In my pom I have the following two plugsin configured:
<plugin>
<groupId>org.codehaus.mojo</groupId>
<artifactId>hibernate3-maven-plugin</artifactId>
<version>2.2</version>
<configuration>
<components>
<component>
<name>hbm2ddl</name>
<implementation>annotationconfiguration</implementation>
<!--
Use 'jpaconfiguration' if you're using JPA.
<implementation>jpaconfiguration</implementation>
-->
</component>
</components>
<componentProperties>
<drop>true</drop>
<jdk5>true</jdk5>
<propertyfile>target/classes/jdbc.properties</propertyfile>
<skip>${maven.test.skip}</skip>
</componentProperties>
</configuration>
<executions>
<execution>
<phase>process-test-resources</phase>
<goals>
<goal>hbm2ddl</goal>
</goals>
</execution>
</executions>
<dependencies>
<dependency>
<groupId>${jdbc.groupId}</groupId>
<artifactId>${jdbc.artifactId}</artifactId>
<version>${jdbc.version}</version>
</dependency>
</dependencies>
</plugin>
<plugin>
<groupId>org.codehaus.groovy.maven</groupId>
<artifactId>gmaven-plugin</artifactId>
<version>1.0-rc-5</version>
<configuration>
<source>${pom.basedir}/src/test/resources/sampledata.groovy</source>
</configuration>
<executions>
<execution>
<id>populate-db</id>
<phase>test-compile</phase>
<goals>
<goal>execute</goal>
</goals>
</execution>
</executions>
<dependencies>
<dependency>
<groupId>${jdbc.groupId}</groupId>
<artifactId>${jdbc.artifactId}</artifactId>
<version>${jdbc.version}</version>
</dependency>
</dependencies>
</plugin>
Then I wrote the following script (that is referenced in the plugin above):
// initializes hibernate
this.sessionFactory = new AnnotationConfiguration().configure().buildSessionFactory()
this.call = 0
class SaveDelegate {
Session session
DateTime now
def save(o) {
session.saveOrUpdate(o)
session.flush()
return o;
}
// Used to save the objects.
def save(o) {
def con = DriverManager.getConnection(project.properties['jdbc.url'], project.properties['jdbc.username'], project.properties['jdbc.password'])
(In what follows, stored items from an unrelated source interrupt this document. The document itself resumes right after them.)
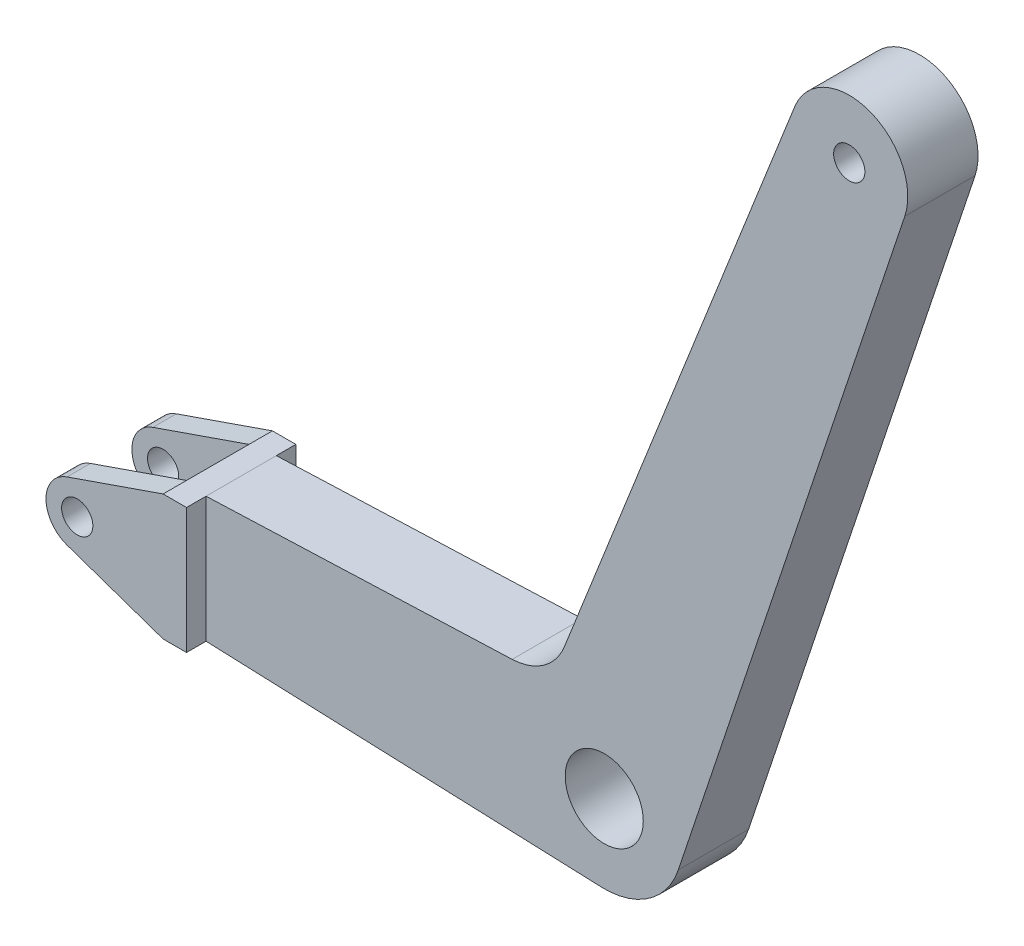
SolidWorks part; units mm, degrees
ref_plane "前视基准面" through (0, 0, 0) normal (0, 0, 1) x (1, 0, 0)
ref_plane "上视基准面" through (0, 0, 0) normal (0, 1, 0) x (1, 0, 0)
ref_plane "右视基准面" through (0, 0, 0) normal (1, 0, 0) x (0, 0, -1)
other "Configuration Table"
sketch "草图1" plane through (0, 0, 0) normal (0, 0, 1) x (1, 0, 0)
  line L0 (-130, 0) -> (0, 0) construction
  line L1 (0, 0) -> (62.7607, 172.4336) construction
  line L2 (48.8103, 177.9461) -> (-10.2101, 28.5835)
  line L3 (-23.5835, 19.1071) -> (-130.5769, 14.9889)
  line L4 (-0.7692, -19.9852) -> (-130.5769, -14.9889)
  line L5 (18.9733, -6.3258) -> (76.9906, 167.6893)
  arc A0 (-0.7692, -19.9852) -> (18.9733, -6.3258) centre (0, 0) ccw
  arc A1 (-130.5769, 14.9889) -> (-130.5769, -14.9889) centre (-130, 0) ccw
  arc A2 (76.9906, 167.6893) -> (48.8103, 177.9461) centre (62.7607, 172.4336) ccw
  arc A3 (-23.5835, 19.1071) -> (-10.2101, 28.5835) centre (-24.1604, 34.096) ccw
  dimension "D1" = 15
extrude "凸台-拉伸1" add sketch "草图1" along normal blind 18
sketch "草图2" plane through (0, 0, 0) normal (0, 0, 1) x (1, 0, 0)
  circle A0 centre (62.7607, 172.4336) radius 4
  circle A1 centre (0, 0) radius 10
extrude "切除-拉伸1" cut sketch "草图2" along normal blind 18
ref_plane "基准面1" through (-102, 0, 0) normal (-1, 0, 0) x (0, 0, 1)
sketch "草图4" plane through (-102, 0, 0) normal (-1, 0, 0) x (0, 0, 1)
  line L1 (-8.3052, 25.3644) -> (24.6949, 25.3644)
  line L2 (-8.3052, 25.3644) -> (-8.3052, -37.514)
  line L3 (-8.3052, -37.514) -> (24.6949, -37.514)
  line L4 (24.6949, 25.3644) -> (24.6949, -37.514)
extrude "切除-拉伸2" cut sketch "草图4" along normal blind 60
sketch "草图5" plane through (-102, 0, 0) normal (-1, 0, 0) x (0, 0, 1)
  line L3 (0, -16.0888) -> (18, -16.0888) construction
  line L4 (9, -16.0888) -> (-5, -16.0888)
  line L5 (9, -16.0888) -> (23, -16.0888)
  line L7 (18, 16.0888) -> (0, 16.0888) construction
  line L8 (9, 16.0888) -> (-5, 16.0888)
  line L9 (9, 16.0888) -> (23, 16.0888)
  line L10 (-5, 16.0888) -> (-5, -16.0888)
  line L11 (23, 16.0888) -> (23, -16.0888)
extrude "凸台-拉伸2" add sketch "草图5" along normal blind 6
sketch "草图6" plane through (0, 0, 0) normal (0, 0, 1) x (1, 0, 0)
  line L0 (-108, 16.0888) -> (-132.619, 7.5593)
  line L1 (-108, -16.0888) -> (-132.619, -7.5593)
  line L2 (-108, 16.0888) -> (-108, -16.0888)
  arc A0 (-132.619, 7.5593) -> (-132.619, -7.5593) centre (-130, 0) ccw
  point P0 (-130, 0)
extrude "凸台-拉伸3" add sketch "草图6" along normal blind 6 from offset 5 offset against normal yes
extrude "凸台-拉伸4" add sketch "草图6<2>" along normal blind 6 from offset 17
sketch "草图6<2>" plane through (0, 0, 0) normal (0, 0, 1) x (1, 0, 0) same geometry as "草图6"
sketch "草图7" plane through (0, 0, 0) normal (0, 0, 1) x (1, 0, 0)
  circle A0 centre (-130, 0) radius 4
  point P0 (-130, 0)
extrude "切除-拉伸3" cut sketch "草图7" against normal mid plane 60

def session = this.sessionFactory.openSession(con)
try {
println call++
if (o instanceof Closure) {
return o.call(new SaveDelegate(session: session, now: this.now))
}
else {
return new SaveDelegate(session: session, now: this.now).save(o)
}
} catch (e) {
System.err.println e.message
return null;
} finally {
session.close()
con.close()
}
}
try {
// The save function above lets me handle objects in different ways:
// just save an instance
save new Person(name: 'Issac Brock')
// save with a reference
def f = save(new Person(name:'Jimmy Paige'))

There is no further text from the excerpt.